*** Opening of DATA SHOWN ***

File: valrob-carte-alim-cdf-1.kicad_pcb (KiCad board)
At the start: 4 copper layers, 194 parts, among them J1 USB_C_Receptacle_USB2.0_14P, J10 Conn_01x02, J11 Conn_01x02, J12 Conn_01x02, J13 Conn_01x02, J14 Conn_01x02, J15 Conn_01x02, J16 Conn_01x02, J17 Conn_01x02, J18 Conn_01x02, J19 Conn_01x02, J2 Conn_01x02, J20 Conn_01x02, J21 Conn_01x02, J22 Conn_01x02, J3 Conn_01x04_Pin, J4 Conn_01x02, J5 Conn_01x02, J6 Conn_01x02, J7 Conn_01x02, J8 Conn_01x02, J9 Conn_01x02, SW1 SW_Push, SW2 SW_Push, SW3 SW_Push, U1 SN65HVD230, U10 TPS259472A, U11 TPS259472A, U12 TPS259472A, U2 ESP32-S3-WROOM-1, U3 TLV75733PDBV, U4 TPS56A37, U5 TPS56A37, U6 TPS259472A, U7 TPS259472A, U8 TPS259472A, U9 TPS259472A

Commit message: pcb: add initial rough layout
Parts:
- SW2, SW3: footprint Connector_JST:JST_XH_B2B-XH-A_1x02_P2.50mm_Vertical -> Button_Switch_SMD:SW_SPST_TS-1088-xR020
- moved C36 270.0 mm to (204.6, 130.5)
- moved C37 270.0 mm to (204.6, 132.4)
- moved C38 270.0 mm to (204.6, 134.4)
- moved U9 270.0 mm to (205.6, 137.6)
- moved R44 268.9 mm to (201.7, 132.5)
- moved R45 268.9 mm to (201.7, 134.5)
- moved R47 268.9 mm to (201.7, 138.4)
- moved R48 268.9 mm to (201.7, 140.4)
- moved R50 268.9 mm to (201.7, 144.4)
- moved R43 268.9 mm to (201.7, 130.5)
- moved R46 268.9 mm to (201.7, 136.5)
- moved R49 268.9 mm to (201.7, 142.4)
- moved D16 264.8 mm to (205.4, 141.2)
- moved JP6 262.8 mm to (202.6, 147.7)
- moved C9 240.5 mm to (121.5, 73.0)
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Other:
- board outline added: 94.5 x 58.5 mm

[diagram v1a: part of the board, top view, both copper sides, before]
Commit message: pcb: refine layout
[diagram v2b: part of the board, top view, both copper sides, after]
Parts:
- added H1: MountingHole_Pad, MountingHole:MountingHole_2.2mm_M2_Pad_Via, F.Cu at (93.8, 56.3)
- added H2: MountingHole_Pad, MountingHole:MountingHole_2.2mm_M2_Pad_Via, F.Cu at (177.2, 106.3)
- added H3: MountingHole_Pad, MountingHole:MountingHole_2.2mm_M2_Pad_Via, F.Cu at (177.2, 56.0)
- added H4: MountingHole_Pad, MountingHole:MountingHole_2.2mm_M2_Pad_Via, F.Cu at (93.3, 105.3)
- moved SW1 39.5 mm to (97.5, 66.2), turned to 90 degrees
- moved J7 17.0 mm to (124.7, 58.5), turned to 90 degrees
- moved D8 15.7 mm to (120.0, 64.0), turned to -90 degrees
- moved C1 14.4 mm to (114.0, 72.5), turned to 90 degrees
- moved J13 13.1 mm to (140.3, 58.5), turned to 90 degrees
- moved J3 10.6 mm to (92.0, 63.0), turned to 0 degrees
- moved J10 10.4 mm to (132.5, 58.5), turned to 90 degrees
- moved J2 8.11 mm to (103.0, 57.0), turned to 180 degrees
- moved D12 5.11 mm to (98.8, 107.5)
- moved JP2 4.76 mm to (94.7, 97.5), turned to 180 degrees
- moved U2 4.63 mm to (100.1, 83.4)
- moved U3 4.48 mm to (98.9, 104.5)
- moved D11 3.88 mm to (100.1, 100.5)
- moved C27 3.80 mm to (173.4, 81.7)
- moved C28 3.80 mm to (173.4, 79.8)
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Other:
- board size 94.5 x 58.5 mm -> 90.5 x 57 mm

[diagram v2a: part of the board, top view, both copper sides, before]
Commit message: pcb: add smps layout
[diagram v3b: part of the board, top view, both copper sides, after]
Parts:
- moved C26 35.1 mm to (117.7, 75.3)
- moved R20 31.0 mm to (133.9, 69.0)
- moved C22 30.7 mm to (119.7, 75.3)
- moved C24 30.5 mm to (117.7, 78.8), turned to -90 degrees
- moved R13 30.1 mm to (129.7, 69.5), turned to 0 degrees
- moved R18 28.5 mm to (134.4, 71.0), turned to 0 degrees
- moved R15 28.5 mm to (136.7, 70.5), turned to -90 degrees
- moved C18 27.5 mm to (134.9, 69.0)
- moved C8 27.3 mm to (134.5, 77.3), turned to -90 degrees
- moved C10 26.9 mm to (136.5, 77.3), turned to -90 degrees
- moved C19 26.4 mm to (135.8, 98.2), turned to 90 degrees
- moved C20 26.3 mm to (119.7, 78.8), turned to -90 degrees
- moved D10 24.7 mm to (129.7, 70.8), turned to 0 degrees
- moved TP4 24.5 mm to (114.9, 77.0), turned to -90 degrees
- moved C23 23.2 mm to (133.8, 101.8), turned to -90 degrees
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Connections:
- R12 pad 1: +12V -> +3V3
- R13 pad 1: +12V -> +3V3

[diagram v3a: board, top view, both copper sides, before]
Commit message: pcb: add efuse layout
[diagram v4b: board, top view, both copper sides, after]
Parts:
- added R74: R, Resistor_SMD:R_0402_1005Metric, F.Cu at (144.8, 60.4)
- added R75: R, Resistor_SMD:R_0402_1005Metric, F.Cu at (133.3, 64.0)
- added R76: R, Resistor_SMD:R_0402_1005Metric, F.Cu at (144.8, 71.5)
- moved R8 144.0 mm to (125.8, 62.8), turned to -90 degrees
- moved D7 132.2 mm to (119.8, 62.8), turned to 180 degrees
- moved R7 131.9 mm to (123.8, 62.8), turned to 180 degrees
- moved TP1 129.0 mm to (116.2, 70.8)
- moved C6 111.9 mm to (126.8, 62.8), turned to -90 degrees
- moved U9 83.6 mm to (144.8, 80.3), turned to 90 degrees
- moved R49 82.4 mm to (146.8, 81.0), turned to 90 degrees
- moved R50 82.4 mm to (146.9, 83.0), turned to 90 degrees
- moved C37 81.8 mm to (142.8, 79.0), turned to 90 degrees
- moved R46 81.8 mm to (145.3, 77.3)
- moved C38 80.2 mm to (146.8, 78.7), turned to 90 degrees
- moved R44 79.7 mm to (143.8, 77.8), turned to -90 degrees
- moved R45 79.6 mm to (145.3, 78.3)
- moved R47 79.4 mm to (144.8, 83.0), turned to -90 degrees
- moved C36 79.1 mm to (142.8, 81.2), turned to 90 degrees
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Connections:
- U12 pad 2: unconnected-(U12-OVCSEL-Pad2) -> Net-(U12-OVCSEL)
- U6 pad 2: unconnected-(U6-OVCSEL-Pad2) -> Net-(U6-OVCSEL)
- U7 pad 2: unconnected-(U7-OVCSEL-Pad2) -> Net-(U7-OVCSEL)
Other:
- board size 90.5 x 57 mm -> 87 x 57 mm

*** Close of DATA SHOWN ***

» WHAT NEEDS TO BE DONE
Could you write out all the data exactly as it is given?

» SOLVED EXERCISE
File: valrob-carte-alim-cdf-1.kicad_pcb (KiCad board)
At the start: 4 copper layers, 194 parts, among them J1 USB_C_Receptacle_USB2.0_14P, J10 Conn_01x02, J11 Conn_01x02, J12 Conn_01x02, J13 Conn_01x02, J14 Conn_01x02, J15 Conn_01x02, J16 Conn_01x02, J17 Conn_01x02, J18 Conn_01x02, J19 Conn_01x02, J2 Conn_01x02, J20 Conn_01x02, J21 Conn_01x02, J22 Conn_01x02, J3 Conn_01x04_Pin, J4 Conn_01x02, J5 Conn_01x02, J6 Conn_01x02, J7 Conn_01x02, J8 Conn_01x02, J9 Conn_01x02, SW1 SW_Push, SW2 SW_Push, SW3 SW_Push, U1 SN65HVD230, U10 TPS259472A, U11 TPS259472A, U12 TPS259472A, U2 ESP32-S3-WROOM-1, U3 TLV75733PDBV, U4 TPS56A37, U5 TPS56A37, U6 TPS259472A, U7 TPS259472A, U8 TPS259472A, U9 TPS259472A

Commit message: pcb: add initial rough layout
Parts:
- SW2, SW3: footprint Connector_JST:JST_XH_B2B-XH-A_1x02_P2.50mm_Vertical -> Button_Switch_SMD:SW_SPST_TS-1088-xR020
- moved C36 270.0 mm to (204.6, 130.5)
- moved C37 270.0 mm to (204.6, 132.4)
- moved C38 270.0 mm to (204.6, 134.4)
- moved U9 270.0 mm to (205.6, 137.6)
- moved R44 268.9 mm to (201.7, 132.5)
- moved R45 268.9 mm to (201.7, 134.5)
- moved R47 268.9 mm to (201.7, 138.4)
- moved R48 268.9 mm to (201.7, 140.4)
- moved R50 268.9 mm to (201.7, 144.4)
- moved R43 268.9 mm to (201.7, 130.5)
- moved R46 268.9 mm to (201.7, 136.5)
- moved R49 268.9 mm to (201.7, 142.4)
- moved D16 264.8 mm to (205.4, 141.2)
- moved JP6 262.8 mm to (202.6, 147.7)
- moved C9 240.5 mm to (121.5, 73.0)
Other:
- board outline added: 94.5 x 58.5 mm

[diagram v1a: part of the board, top view, both copper sides, before]
Commit message: pcb: refine layout
[diagram v2b: part of the board, top view, both copper sides, after]
Parts:
- added H1: MountingHole_Pad, MountingHole:MountingHole_2.2mm_M2_Pad_Via, F.Cu at (93.8, 56.3)
- added H2: MountingHole_Pad, MountingHole:MountingHole_2.2mm_M2_Pad_Via, F.Cu at (177.2, 106.3)
- added H3: MountingHole_Pad, MountingHole:MountingHole_2.2mm_M2_Pad_Via, F.Cu at (177.2, 56.0)
- added H4: MountingHole_Pad, MountingHole:MountingHole_2.2mm_M2_Pad_Via, F.Cu at (93.3, 105.3)
- moved SW1 39.5 mm to (97.5, 66.2), turned to 90 degrees
- moved J7 17.0 mm to (124.7, 58.5), turned to 90 degrees
- moved D8 15.7 mm to (120.0, 64.0), turned to -90 degrees
- moved C1 14.4 mm to (114.0, 72.5), turned to 90 degrees
- moved J13 13.1 mm to (140.3, 58.5), turned to 90 degrees
- moved J3 10.6 mm to (92.0, 63.0), turned to 0 degrees
- moved J10 10.4 mm to (132.5, 58.5), turned to 90 degrees
- moved J2 8.11 mm to (103.0, 57.0), turned to 180 degrees
- moved D12 5.11 mm to (98.8, 107.5)
- moved JP2 4.76 mm to (94.7, 97.5), turned to 180 degrees
- moved U2 4.63 mm to (100.1, 83.4)
- moved U3 4.48 mm to (98.9, 104.5)
- moved D11 3.88 mm to (100.1, 100.5)
- moved C27 3.80 mm to (173.4, 81.7)
- moved C28 3.80 mm to (173.4, 79.8)
Other:
- board size 94.5 x 58.5 mm -> 90.5 x 57 mm

[diagram v2a: part of the board, top view, both copper sides, before]
Commit message: pcb: add smps layout
[diagram v3b: part of the board, top view, both copper sides, after]
Parts:
- moved C26 35.1 mm to (117.7, 75.3)
- moved R20 31.0 mm to (133.9, 69.0)
- moved C22 30.7 mm to (119.7, 75.3)
- moved C24 30.5 mm to (117.7, 78.8), turned to -90 degrees
- moved R13 30.1 mm to (129.7, 69.5), turned to 0 degrees
- moved R18 28.5 mm to (134.4, 71.0), turned to 0 degrees
- moved R15 28.5 mm to (136.7, 70.5), turned to -90 degrees
- moved C18 27.5 mm to (134.9, 69.0)
- moved C8 27.3 mm to (134.5, 77.3), turned to -90 degrees
- moved C10 26.9 mm to (136.5, 77.3), turned to -90 degrees
- moved C19 26.4 mm to (135.8, 98.2), turned to 90 degrees
- moved C20 26.3 mm to (119.7, 78.8), turned to -90 degrees
- moved D10 24.7 mm to (129.7, 70.8), turned to 0 degrees
- moved TP4 24.5 mm to (114.9, 77.0), turned to -90 degrees
- moved C23 23.2 mm to (133.8, 101.8), turned to -90 degrees
Connections:
- R12 pad 1: +12V -> +3V3
- R13 pad 1: +12V -> +3V3

[diagram v3a: board, top view, both copper sides, before]
Commit message: pcb: add efuse layout
[diagram v4b: board, top view, both copper sides, after]
Parts:
- added R74: R, Resistor_SMD:R_0402_1005Metric, F.Cu at (144.8, 60.4)
- added R75: R, Resistor_SMD:R_0402_1005Metric, F.Cu at (133.3, 64.0)
- added R76: R, Resistor_SMD:R_0402_1005Metric, F.Cu at (144.8, 71.5)
- moved R8 144.0 mm to (125.8, 62.8), turned to -90 degrees
- moved D7 132.2 mm to (119.8, 62.8), turned to 180 degrees
- moved R7 131.9 mm to (123.8, 62.8), turned to 180 degrees
- moved TP1 129.0 mm to (116.2, 70.8)
- moved C6 111.9 mm to (126.8, 62.8), turned to -90 degrees
- moved U9 83.6 mm to (144.8, 80.3), turned to 90 degrees
- moved R49 82.4 mm to (146.8, 81.0), turned to 90 degrees
- moved R50 82.4 mm to (146.9, 83.0), turned to 90 degrees
- moved C37 81.8 mm to (142.8, 79.0), turned to 90 degrees
- moved R46 81.8 mm to (145.3, 77.3)
- moved C38 80.2 mm to (146.8, 78.7), turned to 90 degrees
- moved R44 79.7 mm to (143.8, 77.8), turned to -90 degrees
- moved R45 79.6 mm to (145.3, 78.3)
- moved R47 79.4 mm to (144.8, 83.0), turned to -90 degrees
- moved C36 79.1 mm to (142.8, 81.2), turned to 90 degrees
Connections:
- U12 pad 2: unconnected-(U12-OVCSEL-Pad2) -> Net-(U12-OVCSEL)
- U6 pad 2: unconnected-(U6-OVCSEL-Pad2) -> Net-(U6-OVCSEL)
- U7 pad 2: unconnected-(U7-OVCSEL-Pad2) -> Net-(U7-OVCSEL)
Other:
- board size 90.5 x 57 mm -> 87 x 57 mm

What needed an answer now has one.